Thu, 26 Nov 2009
From:
By Lilian Karunungan
Coal and palm oil exporters’ profit margins may narrow should the rupiah rise another 4 percent to 9,000 per dollar, and the costs of fuel and rice keep climbing, industry groups said.

Seven of 17 analysts in a Bloomberg News survey predict more gains in the currency, Asia’s best performer this year, to 9,000 or stronger against the dollar by the end of 2010. The median estimate is 9,200, compared with 9,398 on Wednesday. Indonesia is the world’s biggest producer of palm oil and the largest exporter of power-station coal.

The currency rising to 9,000 “is a critical level,” Bob Kamandanu, chairman of the Indonesian Coal Producers Association (APBI), said in an interview in Jakarta on Friday. “It’s too strong.”

The country’s exports, which account for 24 percent of gross domestic product, fell 19.9 percent in September from a year earlier after dropping 15.4 percent the previous month, government data showed on Nov. 2.

The rupiah has risen 15 percent this year, nearly double the pace of the South Korean won. On Oct. 15 it hit 9,280, its strongest level since September 2008, and last traded at 9,000 in July 2007.

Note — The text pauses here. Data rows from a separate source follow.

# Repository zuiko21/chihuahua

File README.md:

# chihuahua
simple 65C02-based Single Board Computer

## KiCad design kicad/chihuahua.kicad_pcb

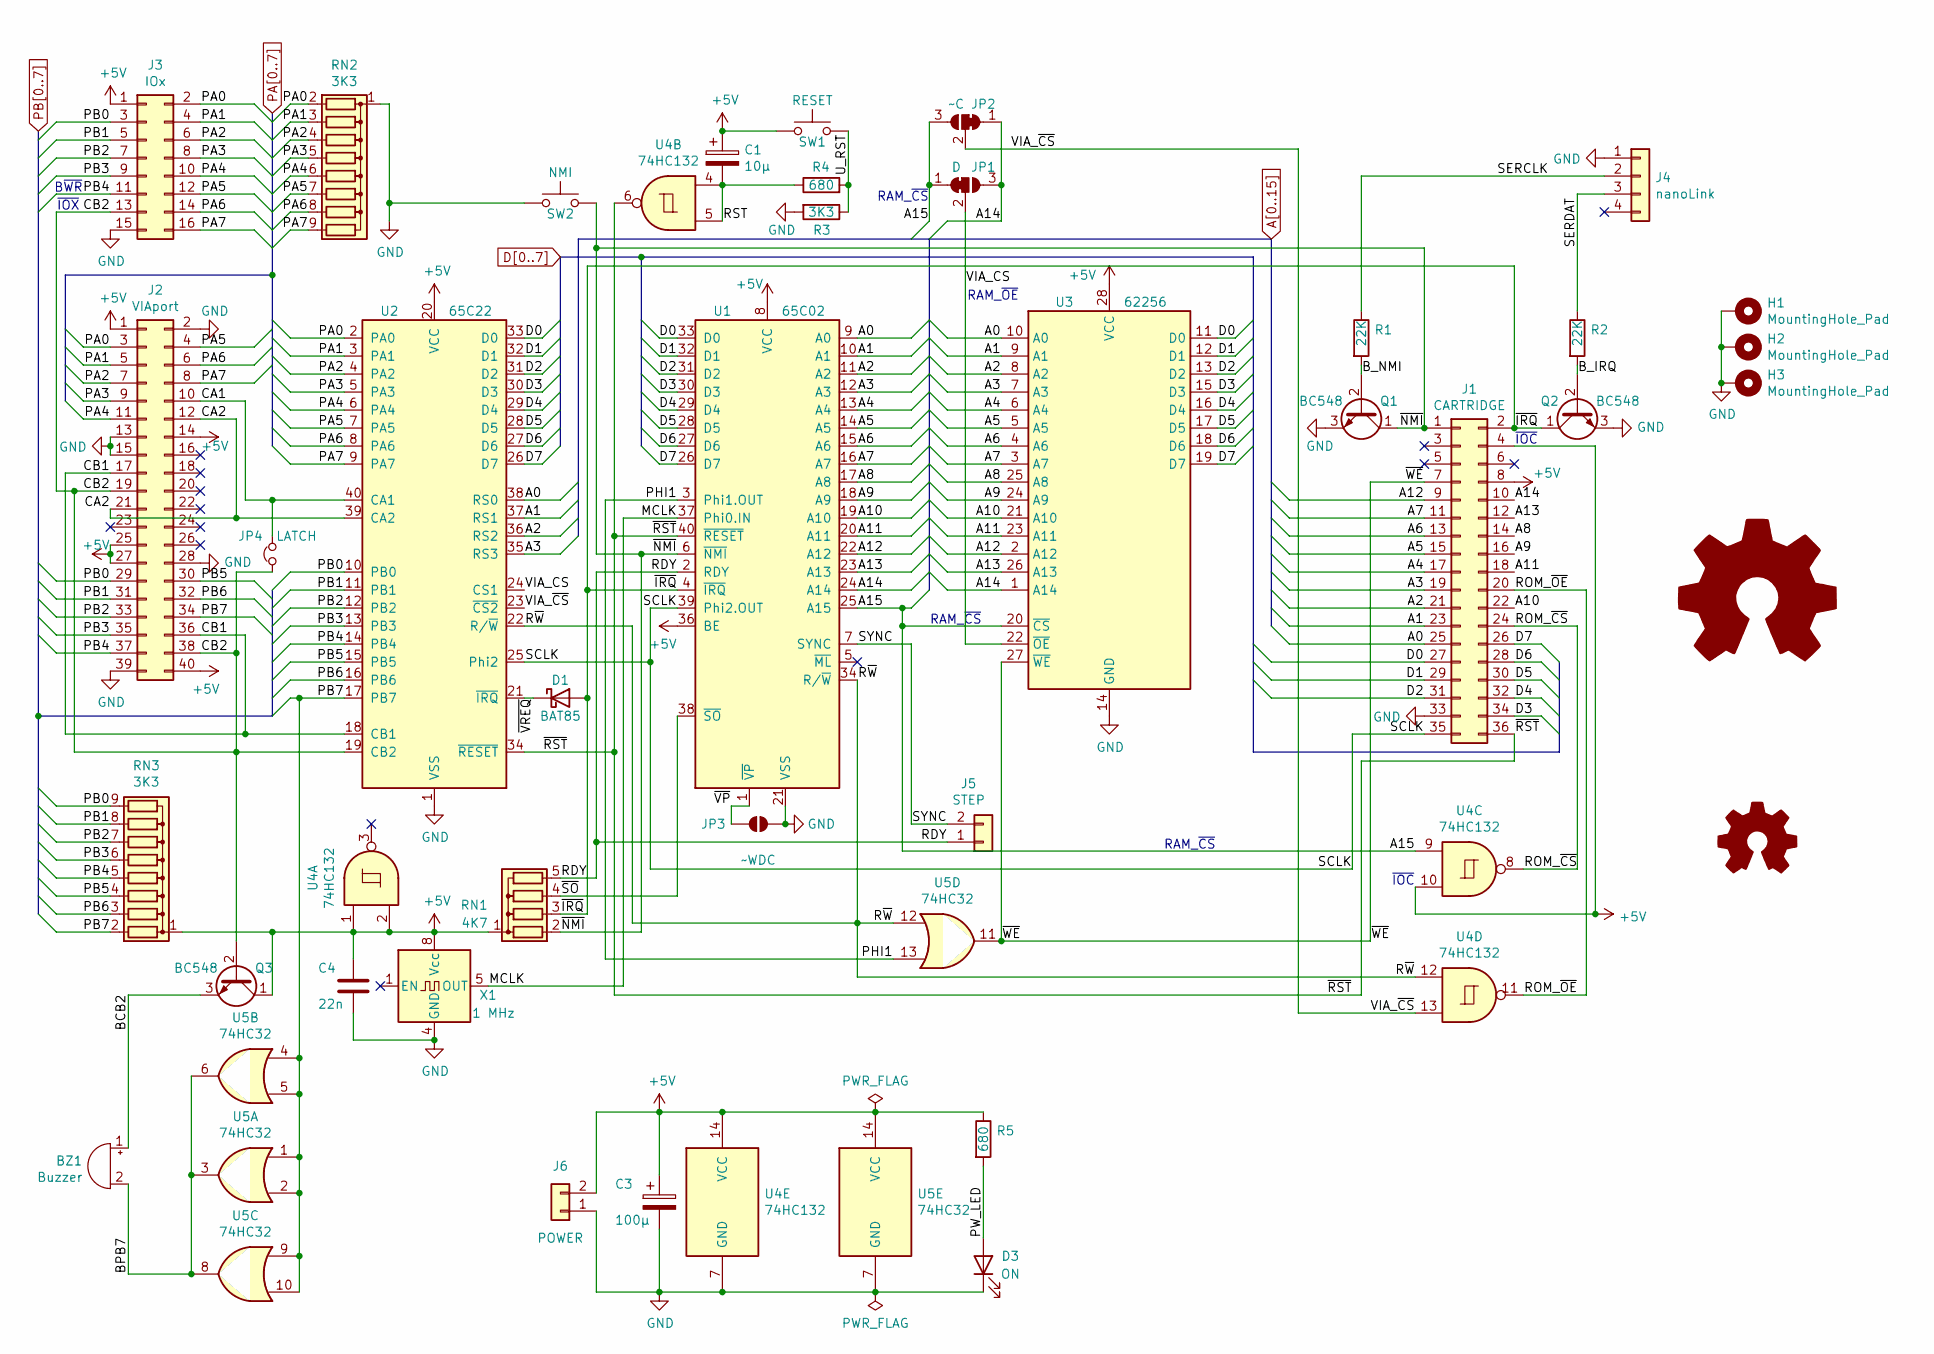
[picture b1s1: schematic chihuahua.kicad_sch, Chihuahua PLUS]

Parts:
BZ1: Buzzer; Buzzer_12x9.5RM7.6
C1: 10µ; CP_Radial_D4.0mm_P1.50mm
C3: 100µ; CP_Radial_D4.0mm_P1.50mm
C4: 22n; C_Rect_L7.2mm_W2.5mm_P5.00mm_FKS2_FKP2_MKS2_MKP2
D1: BAT85; D_DO-35_SOD27_P2.54mm_Vertical_KathodeUp
D3: ON; LED_D3.0mm
H1, H2, H3: MountingHole_Pad; MountingHole_3.2mm_M3_DIN965_Pad
J1: CARTRIDGE; PinSocket_2x18_EDGE
J2: VIAport; IDC-Header_2x20_P2.54mm_Vertical
J3: IOx; IDC-Header_2x08_P2.54mm_Vertical
J4: nanoLink; PinHeader_1x04_P2.54mm_Vertical
J5: STEP; PinHeader_1x02_P2.54mm_Vertical
J6: POWER; JST_EH_S2B-EH_1x02_P2.50mm_Horizontal
JP1: D; SolderJumper-3_P1.3mm_Bridged12_RoundedPad1.0x1.5mm
JP2: ~C; SolderJumper-3_P1.3mm_Bridged12_RoundedPad1.0x1.5mm
JP3: ~WDC; SolderJumper-2_P1.3mm_Open_RoundedPad1.0x1.5mm
JP4: LATCH; PinHeader_1x02_P2.54mm_Vertical
LOGO1: Logo_Open_Hardware_Large; OSHW-Symbol_8.9x8mm_SilkScreen
LOGO2: Logo_Open_Hardware_Small; jaqueria
Q1, Q2, Q3: BC548; TO-92_Inline
R1, R2: 22K; R_Axial_DIN0207_L6.3mm_D2.5mm_P2.54mm_Vertical
R3: 3K3; R_Axial_DIN0207_L6.3mm_D2.5mm_P2.54mm_Vertical
R4, R5: 680; R_Axial_DIN0207_L6.3mm_D2.5mm_P2.54mm_Vertical
RN1: 4K7; R_Array_SIP5
RN2, RN3: 3K3; R_Array_SIP9
SW1: RESET; SW_PUSH_6mm
SW2: NMI; SW_PUSH_6mm
U1: 65C02; DIP-40_W15.24mm_Socket
U2: 65C22; DIP-40_W15.24mm_Socket
U3: 62256; DIP-28_W15.24mm_Socket
U4: 74HC132; DIP-14_W7.62mm_Socket
U5: 74HC32; DIP-14_W7.62mm_Socket
X1: 1 MHz; Oscillator_DIP-8

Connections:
+5V: C1.1, C3.1, C4.1, J1.4, J1.8, J2.1, J2.14, J2.25, J2.27, J2.40, J3.1, J6.2, Q3.1 (C), R5.1, RN1.1 (common), RN3.1 (common), SW1.2, U1.8 (VCC), U1.36 (BE), U2.20 (VCC), U3.28 (VCC), U4.1, U4.2, U4.10, U4.14 (VCC), U5.14 (VCC), X1.8 (Vcc)
/BCB2: BZ1.1 (-), Q3.3 (E)
/BPB7: BZ1.2 (+), U5.3, U5.6, U5.8
/B_IRQ: Q2.2 (B), R2.2
/B_NMI: Q1.2 (B), R1.2
/CA1: J2.10, JP4.1, U2.40 (CA1)
/CA2: J2.12, J2.21, U2.39 (CA2)
/CB1: J2.17, J2.36, U2.18 (CB1)
/CB2: J2.19, J2.38, J3.13, JP4.2, Q3.2 (B), U2.19 (CB2)
/MCLK: U1.37 (Phi0.IN), X1.5 (OUT)
/PHI1: U1.3 (Phi1.OUT), U5.13
/PW_LED: D3.2 (A), R5.2
/RDY: J5.1, RN1.5 (R4), U1.2 (RDY)
/ROM_~CS: J1.24, U4.8
/ROM_~OE: J1.20, U4.11
/RST: C1.2, R4.1, U4.4, U4.5
/R~W: U1.34 (R/~W), U2.22 (R/~W), U4.12, U5.12
/SCLK: J1.35, U1.39 (Phi2.OUT), U2.25 (Phi2)
/SERCLK: J4.2, R1.1
/SERDAT: J4.3, R2.1
/SYNC: J5.2, U1.7 (SYNC)
/U_RST: R3.1, R4.2, SW1.1
/VIA_CS: JP1.2 (C), U2.24 (CS1), U3.22 (~OE)
/VIA_~CS: JP2.2 (C), U2.23 (~CS2), U4.13
/~IRQ: D1.2 (A), J1.2, Q2.1 (C), RN1.3 (R2), U1.4 (~IRQ)
/~NMI: J1.1, Q1.1 (C), RN1.2 (R1), SW2.2, U1.6 (~NMI)
/~RST: J1.36, U1.40 (~RESET), U2.34 (~RESET), U4.6
/~SO: RN1.4 (R3), U1.38 (~SO)
/~VP: JP3.1 (A), U1.1 (~VP)
/~VREQ: D1.1 (K), U2.21 (~IRQ)
/~WE: J1.7, U3.27 (~WE), U5.11
A0: J1.25, U1.9 (A0), U2.38 (RS0), U3.10 (A0)
A1: J1.23, U1.10 (A1), U2.37 (RS1), U3.9 (A1)
A2: J1.21, U1.11 (A2), U2.36 (RS2), U3.8 (A2)
A3: J1.19, U1.12 (A3), U2.35 (RS3), U3.7 (A3)
A4: J1.17, U1.13 (A4), U3.6 (A4)
A5: J1.15, U1.14 (A5), U3.5 (A5)
A6: J1.13, U1.15 (A6), U3.4 (A6)
A7: J1.11, U1.16 (A7), U3.3 (A7)
A8: J1.14, U1.17 (A8), U3.25 (A8)
A9: J1.16, U1.18 (A9), U3.24 (A9)
A10: J1.22, U1.19 (A10), U3.21 (A10)
A11: J1.18, U1.20 (A11), U3.23 (A11)
A12: J1.9, U1.22 (A12), U3.2 (A12)
A13: J1.12, U1.23 (A13), U3.26 (A13)
A14: J1.10, JP1.3 (B), JP2.1 (A), U1.24 (A14), U3.1 (A14)
A15: JP1.1 (A), JP2.3 (B), U1.25 (A15), U3.20 (~CS), U4.9
D0: J1.27, U1.33 (D0), U2.33 (D0), U3.11 (D0)
D1: J1.29, U1.32 (D1), U2.32 (D1), U3.12 (D1)
D2: J1.31, U1.31 (D2), U2.31 (D2), U3.13 (D2)
D3: J1.34, U1.30 (D3), U2.30 (D3), U3.15 (D3)
D4: J1.32, U1.29 (D4), U2.29 (D4), U3.16 (D4)
D5: J1.30, U1.28 (D5), U2.28 (D5), U3.17 (D5)
D6: J1.28, U1.27 (D6), U2.27 (D6), U3.18 (D6)
D7: J1.26, U1.26 (D7), U2.26 (D7), U3.19 (D7)
GND: C3.2, C4.2, D3.1 (K), H1.1, H2.1, H3.1, J1.33, J2.2, J2.13, J2.15, J2.28, J2.39, J3.15, J4.1, J6.1, JP3.2 (B), Q1.3 (E), Q2.3 (E), R3.2, RN2.1 (common), SW2.1, U1.21 (VSS), U2.1 (VSS), U3.14 (GND), U4.7 (GND), U5.7 (GND), X1.4 (GND)
PA0: J2.3, J3.2, RN2.2 (R1), U2.2 (PA0)
PA1: J2.5, J3.4, RN2.3 (R2), U2.3 (PA1)
PA2: J2.7, J3.6, RN2.4 (R3), U2.4 (PA2)
PA3: J2.9, J3.8, RN2.5 (R4), U2.5 (PA3)
PA4: J2.11, J3.10, RN2.6 (R5), U2.6 (PA4)
PA5: J2.4, J3.12, RN2.7 (R6), U2.7 (PA5)
PA6: J2.6, J3.14, RN2.8 (R7), U2.8 (PA6)
PA7: J2.8, J3.16, RN2.9 (R8), U2.9 (PA7)
PB0: J2.29, J3.3, RN3.9 (R8), U2.10 (PB0)
PB1: J2.31, J3.5, RN3.8 (R7), U2.11 (PB1)
PB2: J2.33, J3.7, RN3.7 (R6), U2.12 (PB2)
PB3: J2.35, J3.9, RN3.6 (R5), U2.13 (PB3)
PB4: J2.37, J3.11, RN3.5 (R4), U2.14 (PB4)
PB5: J2.30, RN3.4 (R3), U2.15 (PB5)
PB6: J2.32, RN3.3 (R2), U2.16 (PB6)
PB7: J2.34, RN3.2 (R1), U2.17 (PB7), U5.1, U5.2, U5.4, U5.5, U5.9, U5.10

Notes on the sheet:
RAM_~{CS}
RAM_~{OE}
~{IOC}
B~{WR}
~{IOX}

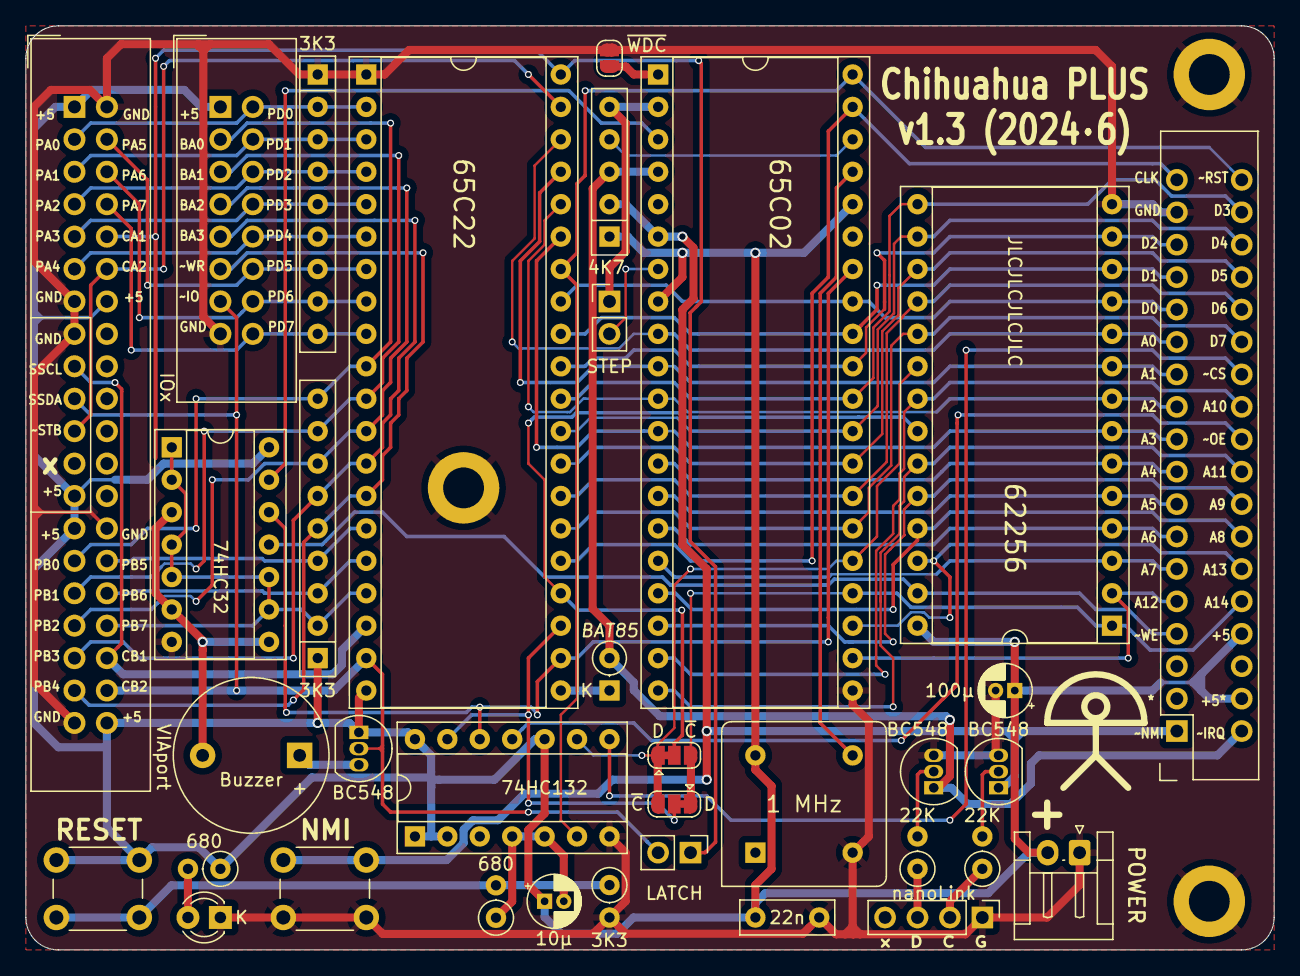
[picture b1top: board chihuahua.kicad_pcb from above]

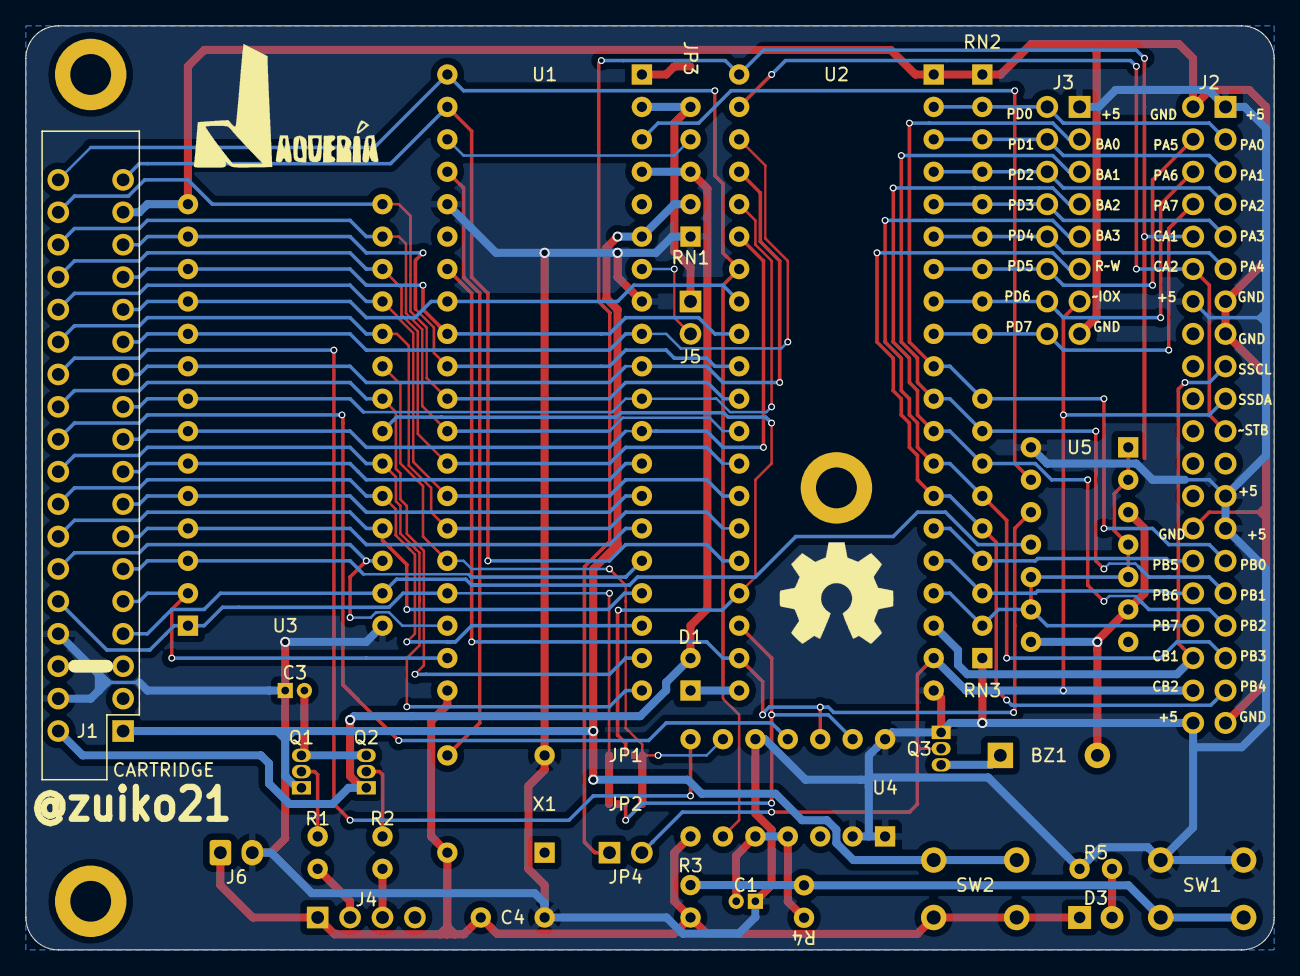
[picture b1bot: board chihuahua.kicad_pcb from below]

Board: 2 copper layers, 97.8 x 72.4 mm, 40 parts (2 on the bottom side), 72 nets.

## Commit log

2024-06-28 migrate Chihuahua to new KiCAD 8.x repository
2024-06-28 v1.3
2024-06-28 improve power planes
2024-07-25 PCB update

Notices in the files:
kicad/chihuahua.kicad_sch:
(c) 2012-2024 Carlos J. Santisteban

Overseas investors poured funds into domestic stocks and bonds this year to benefit from the fastest growth in Southeast Asia, driven by domestic consumption. The Jakarta Composite Index has soared 82 percent as funds based abroad purchased $951 million more local shares than they sold, according to stock exchange data.

A rate of “9,000 would be dangerous for our exporters,” Fadhil Hasan, executive director of the Indonesian Palm Oil Producers Association (Gapki), said. “It’s going to hurt them.”

Coal producers’ earnings are also being hit by increased fuel prices, which account for 30 percent of costs, Bob said.

Oil on the New York Mercantile Exchange has risen 70 percent this year and traded at $76.47 per barrel on Wednesday trading in Asia. An oil price above $80 “would kill our operations,” Bob said.

Gapki’s 378 growers and producers also have to grapple with rising prices of food to feed their workers, said Steaven Halim, second secretary at the association.

The wholesale price of rice was at Rp 5,550 per kilo on Wednesday, up from Rp 5,400 a year ago, according to PT Food Station Tjipinang Jaya, the country’s biggest market for the grain.

Rice production may be affected by dry weather caused by El Nino, which warms the Pacific Ocean, which can prolong the dry season in parts of Asia.

If the rupiah rises to 9,000, “that may be a problem at the farms,” Steaven said. “In nominal terms, the farmers will have decreasing income, while they are paying more for the staple food.”